The state, selectively present

Thursday, 23 April 2026

This is what the Nigerian state looks like up close. Fast, precise, and forceful when protecting itself. Slower, thinner, and often absent when protecting the people inside it.

The full letter is below.

1. THE WALL THAT MOVED

Boko Haram killed twenty people in Borno and Adamawa on Tuesday. The army arrived after.

Pubagu is a small community in Askira Uba Local Government Area of Borno State. It sits across a river from Mayo-Ladde in Hong Local Government Area of Adamawa State. They are separated by water and connected by nothing. No joint security arrangement. No standing army presence on the border. No coordinated response.

On Tuesday afternoon, around 4pm, Boko Haram came. Motorcycles. Gunfire for over an hour. Houses burning. Eleven people killed in Pubagu. Nine in Mayo-Ladde. Twenty dead across two communities, across two states, across a river nobody was watching.

The chairman of Askira Uba Local Government Area is Mada Saidu. He confirmed both attacks. He also confirmed something else: on April 16, exactly six days earlier, Boko Haram killed four soldiers and a civilian in the same Askira Uba area. Same local government. Same chairman confirming. Six days apart.

Here's the thing. The army counted its dead after April 16. An official statement went out. And six days later, Boko Haram came back to the same territory, overpowered local hunters and vigilantes, and operated for over an hour without meaningful resistance.

The response to the April 16 attack did not change what was possible on April 22.

This is what the security failure in the northeast actually looks like. Not the big dramatic breach. The quiet, repeating pattern: an attack happens, a statement is issued, condolences are offered, and then the same place bleeds again because nothing structural was fixed in between.

Nigeria has been fighting Boko Haram for over fifteen years. The northeast has lived inside this conflict for a generation. The government has launched operations with names. It has deployed battalions.
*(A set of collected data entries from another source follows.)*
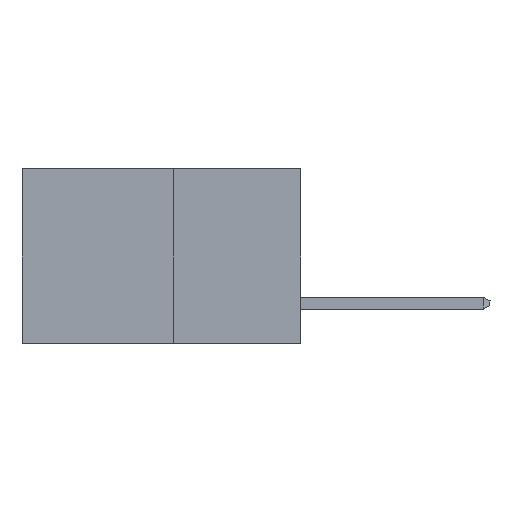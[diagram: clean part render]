
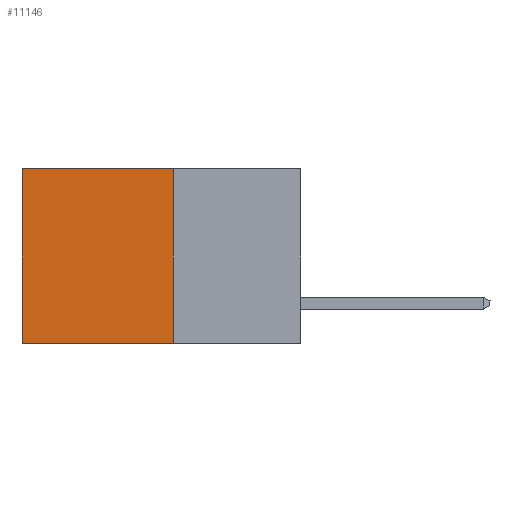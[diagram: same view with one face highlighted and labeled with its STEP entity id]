
A CAD part, left-side view. The second image highlights one B-rep face of the part: STEP entity #11146.
In plain terms, the highlighted planar face has unit normal (-1, 0, 0).
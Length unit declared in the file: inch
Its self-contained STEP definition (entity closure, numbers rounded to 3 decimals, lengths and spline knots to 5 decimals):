
#1373 = ORIENTED_EDGE ( 'NONE', *, *, #5877, .F. ) ;
#2393 = PLANE ( 'NONE',  #4492 ) ;
#3149 = VERTEX_POINT ( 'NONE', #3802 ) ;
#3802 = CARTESIAN_POINT ( 'NONE',  ( 0.277, 0.27, 0. ) ) ;
#3920 = CARTESIAN_POINT ( 'NONE',  ( 0.277, 0.27, -0.37 ) ) ;
#3978 = LINE ( 'NONE', #15062, #13594 ) ;
#4492 = AXIS2_PLACEMENT_3D ( 'NONE', #8703, #12241, #4806 ) ;
#4671 = LINE ( 'NONE', #12319, #11021 ) ;
#4806 = DIRECTION ( 'NONE',  ( 0., 0., -1. ) ) ;
#4993 = ORIENTED_EDGE ( 'NONE', *, *, #12077, .T. ) ;
#5877 = EDGE_CURVE ( 'NONE', #8151, #8619, #3978, .T. ) ;
#6208 = DIRECTION ( 'NONE',  ( 0., 1., 0. ) ) ;
#6509 = CARTESIAN_POINT ( 'NONE',  ( 0.277, 0.59, -0.37 ) ) ;
#6784 = VERTEX_POINT ( 'NONE', #11709 ) ;
#7087 = LINE ( 'NONE', #6509, #13028 ) ;
#7697 = ORIENTED_EDGE ( 'NONE', *, *, #13958, .T. ) ;
#8151 = VERTEX_POINT ( 'NONE', #3920 ) ;
#8619 = VERTEX_POINT ( 'NONE', #14625 ) ;
#8681 = VECTOR ( 'NONE', #12333, 39.37008 ) ;
#8703 = CARTESIAN_POINT ( 'NONE',  ( 0.277, 0.27, -0.37 ) ) ;
#9603 = DIRECTION ( 'NONE',  ( 0., 1., 0. ) ) ;
#10319 = DIRECTION ( 'NONE',  ( 0., 0., -1. ) ) ;
#10783 = LINE ( 'NONE', #11276, #8681 ) ;
#11021 = VECTOR ( 'NONE', #6208, 39.37008 ) ;
#11146 = ADVANCED_FACE ( 'NONE', ( #13929 ), #2393, .F. ) ;
#11276 = CARTESIAN_POINT ( 'NONE',  ( 0.277, 0.27, -0.37 ) ) ;
#11709 = CARTESIAN_POINT ( 'NONE',  ( 0.277, 0.59, 0. ) ) ;
#12077 = EDGE_CURVE ( 'NONE', #3149, #6784, #4671, .T. ) ;
#12241 = DIRECTION ( 'NONE',  ( 1., 0., 0. ) ) ;
#12319 = CARTESIAN_POINT ( 'NONE',  ( 0.277, 0.27, 0. ) ) ;
#12333 = DIRECTION ( 'NONE',  ( 0., 0., -1. ) ) ;
#13028 = VECTOR ( 'NONE', #10319, 39.37008 ) ;
#13594 = VECTOR ( 'NONE', #9603, 39.37008 ) ;
#13929 = FACE_OUTER_BOUND ( 'NONE', #15050, .T. ) ;
#13958 = EDGE_CURVE ( 'NONE', #6784, #8619, #7087, .T. ) ;
#14184 = ORIENTED_EDGE ( 'NONE', *, *, #15125, .F. ) ;
#14625 = CARTESIAN_POINT ( 'NONE',  ( 0.277, 0.59, -0.37 ) ) ;
#15050 = EDGE_LOOP ( 'NONE', ( #7697, #1373, #14184, #4993 ) ) ;
#15062 = CARTESIAN_POINT ( 'NONE',  ( 0.277, 0.27, -0.37 ) ) ;
#15125 = EDGE_CURVE ( 'NONE', #3149, #8151, #10783, .T. ) ;

It has signed regional cooperation frameworks with Niger, Chad, and Cameroon under the Multinational Joint Task Force.

None of that reached Pubagu before 4pm on Tuesday.

The people who hunt and farm in those border communities know they are the first line of defence. They were told as much when the state handed them guns and called them vigilantes. On Tuesday they were overpowered. The army came after.

Mada Saidu was matter-of-fact when he spoke to journalists on Wednesday. "Initially, it was local security that was there. Hunters and vigilantes. They were overpowered by the terrorists." Then he went with the army. Then he counted the dead.

He's been counting the dead in Askira Uba since well before April 16. He'll likely count more.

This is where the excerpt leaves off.